By Oleg Salimov (03/18/2015 issue of the CACI Analyst)

Tajikistan held parliamentary elections on March 1. Eight political parties participated, including the National Democratic Party of Tajikistan, Islamic Renaissance Party of Tajikistan, Communist Party of Tajikistan, Agrarian Party, Socialist Party, Social-Democratic Party, Economic Reforms Party, and Democratic Party. The predictable outcome of the elections was the sweeping victory of the National Democratic Party (NDPT) with 65.2 percent of votes. Alongside NDPT, the newly elected parliament will include the Agrarian Party, the Economic Reforms Party and the Socialist Party.

Two opposition parties, the Islamic Renaissance Party (IRPT) and the Communist Party, failed to reach the five percent threshold for entering parliament. It is the first time in Tajikistan’s political history that the Communist Party was voted out of parliament. The Islamic Renaissance Party made its previously most unsuccessful elections in 2005, when it received only two seats in parliament and refused to acknowledge the election results. 

Soon after Tajikistan’s Central Election Committee (CEC) announced the voting tally, IRPT leader Mukhiddin Kabiri and Communist Party leader Shodi Shabdolov disavowed the official election results. According to the CEC, IRPT gained only 1.5 percent and the Communist Party 2.3 percent of the votes. In the most recent elections in 2010, IRPT received 7.74 percent and the Communists 7.22 percent, respectively. In 2005, the Communists gained as much as 20.63 percent and the IRPT 7.48 percent. While refusing to recognize the results of elections, which they consider falsified, both opposition leaders emphasized that they would refrain from public protests for the sake of peace and stability in the republic.

The failure to conduct fair, open, and democratic parliamentary elections in Tajikistan was also reported by observers from the Organization for Security and Cooperation in Europe (OSCE). OSCE observers recorded numerous violations of the voting process, including multiple voting, voting ballots provided without confirmed identification, and an unreliable and untrustworthy vote counting process. Overall, observers noted the orchestrated character of the elections with the Tajik government exercising oversight and control of the entire process.

Besides violations on Election Day, the OSCE observers also described other abuses against the opposition in the months preceding the elections. In particular, opposition parties were deprived of fair media coverage and unable to present and explain their political platform to the public and, more importantly, frequent government persecution of opposition representatives by the government. In Tajikistan’s previous parliamentary elections as well as presidential elections, the OSCE issued similar statements of unfair treatment of the opposition and undemocratic nature of the election process.

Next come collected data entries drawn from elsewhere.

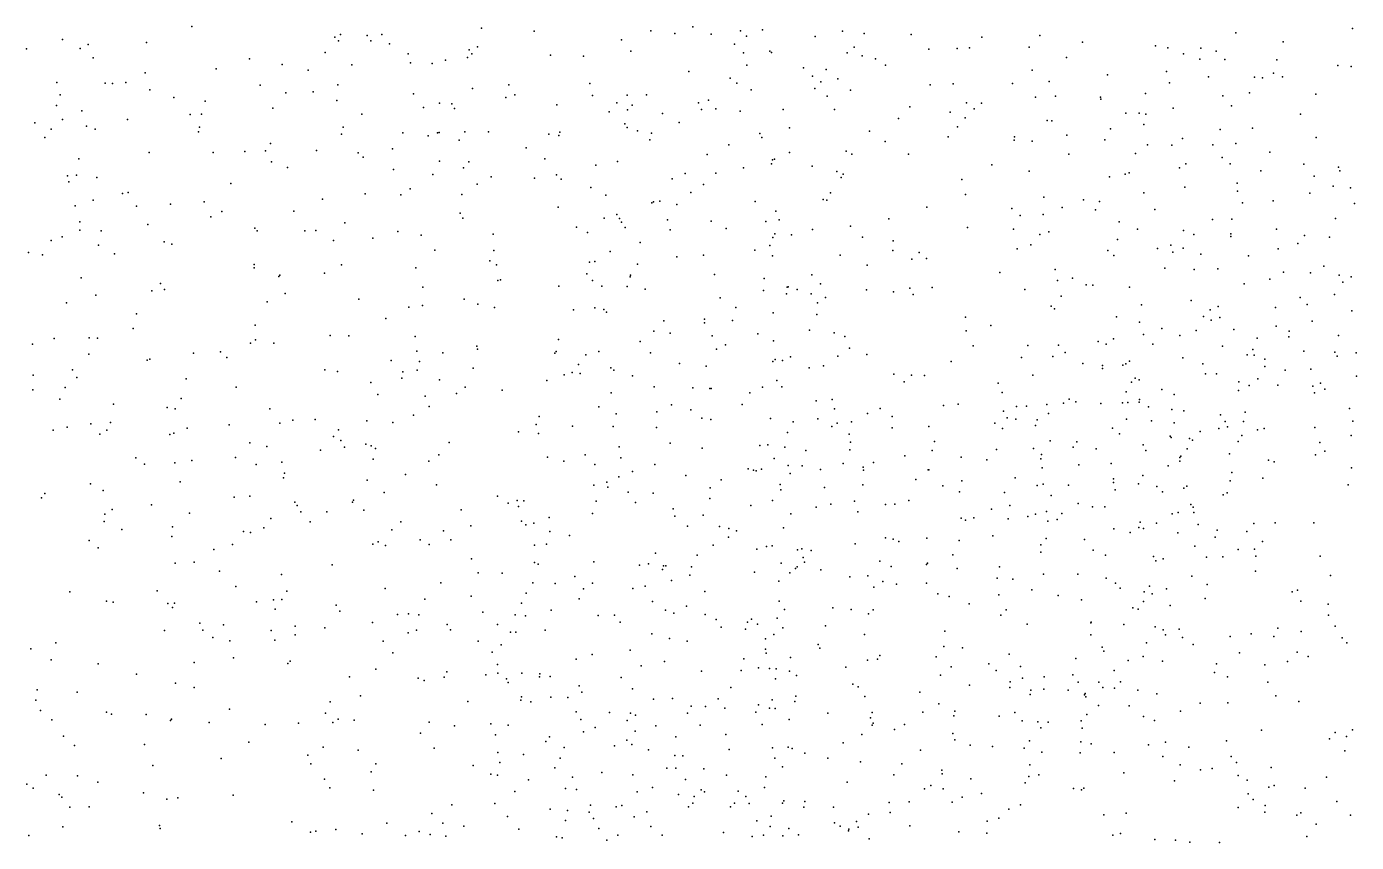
# Model space of a CAD drawing. Header units: metres. Extents: x -25 to 25, y -27.7 to 27.8.
# Drawn here: x 10.815 to 13.64, y -6.927 to -5.193 of the extents above; entities that cross this region are included whole.
import ezdxf

# ---------------------------------------------------------------- set-up
doc = ezdxf.new("R2010")
doc.units = ezdxf.units.M

msp = doc.modelspace()

# ---------------------------------------------------------------- linework, layer by layer
for p in [(11.1658, -5.1927, 18.7135), (11.7809, -5.1963, 21.2802), (12.2299, -5.1932, 1.9148), (13.6316, -5.1971, 2.8908), (10.8911, -5.22, 5.4786), (11.4694, -5.2149, -11.7563), (11.4773, -5.2233, -12.073), (11.4815, -5.2095, -1.5966), (11.538, -5.2116, 14.5084), (11.5456, -5.2233, -13.3216), (11.5696, -5.2093, 2.4268), (11.8932, -5.2022, 13.2617), (12.0782, -5.2209, 13.2189), (12.1405, -5.2015, -19.3342), (12.1915, -5.2073, 16.5019), (12.2692, -5.2088, 14.7066), (12.3314, -5.2018, 17.6482), (12.3438, -5.2133, -19.1297), (12.3779, -5.1998, 7.9793), (12.4897, -5.214, 21.3048), (12.5479, -5.2023, 2.0175), (12.594, -5.2073, 8.3663), (12.694, -5.2097, -13.1126), (12.8438, -5.2153, -12.7083), (12.9674, -5.2115, 14.4121), (13.0578, -5.2256, -18.8079), (13.3836, -5.206, 11.1495), (13.4845, -5.2253, 2.6192), (10.8146, -5.2401, 4.9178), (10.9287, -5.2395, 7.8774), (10.9454, -5.2307, 5.2844), (11.0691, -5.2268, -10.1828), (11.4491, -5.248, 21.2534), (11.5856, -5.2294, -10.7263), (11.6253, -5.2504, 14.1928), (11.7548, -5.2422, 19.0161), (11.7606, -5.2506, 2.7781), (11.7723, -5.2354, -11.2957), (11.9276, -5.2536, -5.0304), (12.0981, -5.2452, 15.0991), (12.3184, -5.2298, 2.7801), (12.3374, -5.2487, -7.2249), (12.3938, -5.2453, 1.9913), (12.3972, -5.2479, -6.9564), (12.5579, -5.2483, 2.7033), (12.573, -5.2364, -19.1011), (12.5901, -5.2546, 18.3869), (12.7311, -5.2405, 9.6792), (12.7913, -5.2391, -19.0154), (12.8181, -5.2379, 10.1737), (12.9445, -5.2365, 10.4062), (13.2131, -5.2334, 1.8286), (13.2391, -5.2381, 21.1589), (13.2725, -5.2508, 7.6863), (13.3091, -5.2386, 7.5156), (13.3421, -5.245, -5.3472), (10.9562, -5.259, -7.1871), (11.2176, -5.2822, 8.0501), (11.2885, -5.2613, 2.0339), (11.3578, -5.273, -7.2887), (11.5056, -5.2743, 2.0139), (11.6302, -5.2701, -4.754), (11.6759, -5.2713, 13.6833), (11.7046, -5.2644, 13.3938), (11.7516, -5.2581, 1.9534), (11.9979, -5.2553, 7.6591), (12.345, -5.2745, 16.3198), (12.4649, -5.2801, -6.5682), (12.618, -5.2612, 18.0475), (12.6395, -5.2744, 14.4301), (13.024, -5.2584, 21.2026), (13.3072, -5.2619, 8.1564), (13.3602, -5.2627, 13.5197), (13.4706, -5.2633, 8.5028), (13.6006, -5.2754, 0.3622), (13.6284, -5.2777, 8.7919), (11.0666, -5.2912, 2.2758), (11.4131, -5.2856, -10.4911), (12.2214, -5.2883, -20.4428), (12.309, -5.3021, 7.3877), (12.4845, -5.2982, 18.5384), (12.5019, -5.3098, 17.8452), (12.5135, -5.2836, -13.2438), (12.5382, -5.3036, 16.1474), (12.9509, -5.2855, -0.1855), (12.9874, -5.3097, 6.7872), (13.1112, -5.2956, 14.34), (13.2363, -5.2885, 2.3912), (13.3259, -5.2998, 7.2709), (13.4235, -5.3005, -18.3834), (13.4401, -5.3017, 6.8244), (13.4635, -5.2919, 6.6201), (13.4828, -5.2996, 14.1886), (10.8786, -5.3119, 15.4145), (10.886, -5.338, 8.3814), (10.9815, -5.3133, -20.8446), (10.9972, -5.3137, -3.7777), (11.0251, -5.3118, 18.5688), (11.0765, -5.327, 7.8626), (11.3111, -5.317, 14.9144), (11.3655, -5.3334, -4.4561), (11.4234, -5.3312, 2.554), (11.4758, -5.3165, 18.9161), (11.6364, -5.3357, 18.9602), (11.7619, -5.3243, -12.3029), (11.8391, -5.3166, -13.352), (11.8519, -5.3375, 7.6427), (12.0111, -5.3135, 16.7845), (12.0169, -5.3395, 17.1543), (12.0904, -5.3387, 14.8218), (12.1314, -5.338, 15.3485), (12.3237, -5.3132, 14.5465), (12.3543, -5.3271, 15.6554), (12.4895, -5.3244, 8.2722), (12.565, -5.328, 15.9622), (12.7342, -5.3164, 7.0832), (12.7833, -5.3143, -5.2902), (12.909, -5.3136, -6.1469), (13.1914, -5.3348, 0.1614), (13.2429, -5.3123, 6.5611), (13.3562, -5.3396, 8.3579), (13.4128, -5.3336, 21.0827), (13.5536, -5.3361, -5.431), (10.8783, -5.3604, -6.9917), (11.1272, -5.3437, 2.078), (11.1939, -5.3512, 21.1985), (11.3377, -5.3661, -13.1304), (11.4738, -5.3498, 14.653), (11.6579, -5.3649, 13.9932), (11.6918, -5.3554, 7.7835), (11.718, -5.3569, 13.2604), (11.7237, -5.367, -11.7274), (11.8329, -5.3431, 2.9955), (11.9413, -5.3587, -20.8461), (12.0684, -5.3551, -5.1995), (12.1013, -5.3595, -7.3595), (12.2418, -5.3549, 18.758), (12.2631, -5.3494, -19.9952), (12.2788, -5.3676, 13.2245), (12.5151, -5.3409, 13.4023), (12.691, -5.3633, 21.235), (12.8117, -5.3548, 2.6461), (12.828, -5.3673, 13.5075), (12.8431, -5.3552, 9.0332), (12.958, -5.3428, 2.2626), (13.0007, -5.3405, 10.2404), (13.096, -5.3428, 10.5196), (13.0971, -5.347, 2.4276), (13.2506, -5.3661, -18.7001), (13.3744, -5.3615, 1.1295), (10.8912, -5.3905, -2.7444), (10.9319, -5.3719, -3.4676), (11.029, -5.3904, 21.1273), (11.1621, -5.3796, 8.2114), (11.1859, -5.3789, 18.744), (11.5267, -5.3787, 2.8629), (12.0526, -5.3742, 15.1742), (12.0912, -5.3696, 7.4681), (12.1659, -5.3772, -12.4699), (12.2481, -5.3692, 15.5513), (12.3304, -5.3726, -19.4729), (12.4223, -5.3689, 2.934), (12.5307, -5.3687, 2.1322), (12.6669, -5.3884, 8.5869), (12.7765, -5.3746, 14.3182), (12.8089, -5.3869, 2.243), (12.983, -5.3921, -19.0272), (12.9924, -5.3929, 13.5168), (13.1496, -5.377, -6.0948), (13.1782, -5.3764, 21.1086), (13.1924, -5.3789, 7.6239), (13.5211, -5.379, 2.7835), (10.832, -5.3971, 1.9875), (10.8667, -5.4109, -10.3041), (10.9418, -5.4041, 7.8035), (10.9604, -5.4106, -3.1498), (11.1799, -5.4167, -10.3678), (11.182, -5.4063, 15.0302), (11.4837, -5.4213, 7.9966), (11.4873, -5.4065, -4.6811), (11.6137, -5.4185, -10.8939), (11.6879, -5.4189, 13.6378), (11.6914, -5.418, 13.4254), (11.7458, -5.4162, -20.96), (11.7957, -5.4164, -11.9838), (11.9238, -5.4214, 7.9), (11.9456, -5.4239, 7.4919), (11.9476, -5.417, 18.9243), (12.0855, -5.3996, 7.9348), (12.0903, -5.4071, 21.2383), (12.1124, -5.4141, 13.0826), (12.1423, -5.4193, 16.515), (12.2011, -5.3967, 14.6297), (12.3722, -5.42, 8.2035), (12.4351, -5.408, -12.6088), (12.6054, -5.415, 18.2496), (12.7923, -5.4056, -12.8088), (13.0245, -5.4232, 6.6733), (13.1171, -5.4099, -5.3073), (13.1879, -5.401, 7.9948), (13.3505, -5.4116, 14.2515), (13.419, -5.4089, 8.4959), (10.8532, -5.4282, 5.3555), (11.333, -5.4412, 2.7122), (11.6679, -5.4248, 2.1496), (11.7333, -5.4341, 7.9138), (11.8762, -5.4507, -11.5684), (12.1384, -5.4334, 17.3694), (12.3064, -5.4439, 16.2991), (12.3765, -5.4284, 2.1433), (12.6387, -5.4372, -6.2888), (12.7722, -5.4269, 6.9743), (12.9127, -5.4339, 9.5251), (12.9136, -5.4274, 9.3368), (12.9507, -5.4362, 9.9725), (13.1055, -5.4333, -0.0955), (13.1958, -5.4439, 10.6676), (13.248, -5.4447, 7.3321), (13.2704, -5.4309, 10.9022), (13.3349, -5.4442, 6.796), (13.3837, -5.4412, 2.6543), (13.5544, -5.4283, 21.0067), (10.9257, -5.4741, 8.4786), (11.0751, -5.4601, 2.18), (11.2109, -5.4604, 7.753), (11.2785, -5.4584, -20.9922), (11.322, -5.4569, 8.1587), (11.3352, -5.4799, 14.8541), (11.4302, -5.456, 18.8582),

Reports of election fraud were issued also by other local and international organizations. In an official letter prior to March 1, Reporters without Borders asked the Tajik government to respect the freedom of speech and refrain from pressuring journalists reporting on the elections. Representatives of IRPT in Tajikistan’s southern regions, where the party commonly draws its widest support, reported violations similar to those registered by OSCE observers. The CEC rejected the allegations from the OSCE and opposition parties, noting a high turnout attendance and a lack of complains from the public.

At the same time, the observer mission from the Commonwealth of Independent States (CIS) recognized the elections as satisfying democratic norms and standards. Although acknowledging some violations, the CIS observers considered them minor and not decisive to the election process and results. Overall, the CIS observers praised the successful organization and conduct of the election process. The contrast between assessments issued by the OSCE and CIS observers was similar during Tajikistan’s previous parliamentary elections.

Election Day was also marked by a country-wide disruption of cellular service. All but one of Tajikistan’s major cellular companies blocked access to SMS services. According to company representatives, the disruption was the result of temporary technical difficulties. Limitations to cellular and internet services are common in Tajikistan ahead of major political events. The most recent was reported on October 10, 2014, prior to an anti-government protest action planned by “Group 24.”

The newly elected Tajik parliament can be considered fully pro-government. Agrarian Party, the second largest in parliament, openly positions itself as a partner and supporter of the ruling NDPT. The entry of other political parties, like Economic Reforms Party and Socialist Party, to parliament effectively ousted the actual opposition formed by the Communists and IRPT, creating an illusory counterbalance to Rakhmon’s NDPT.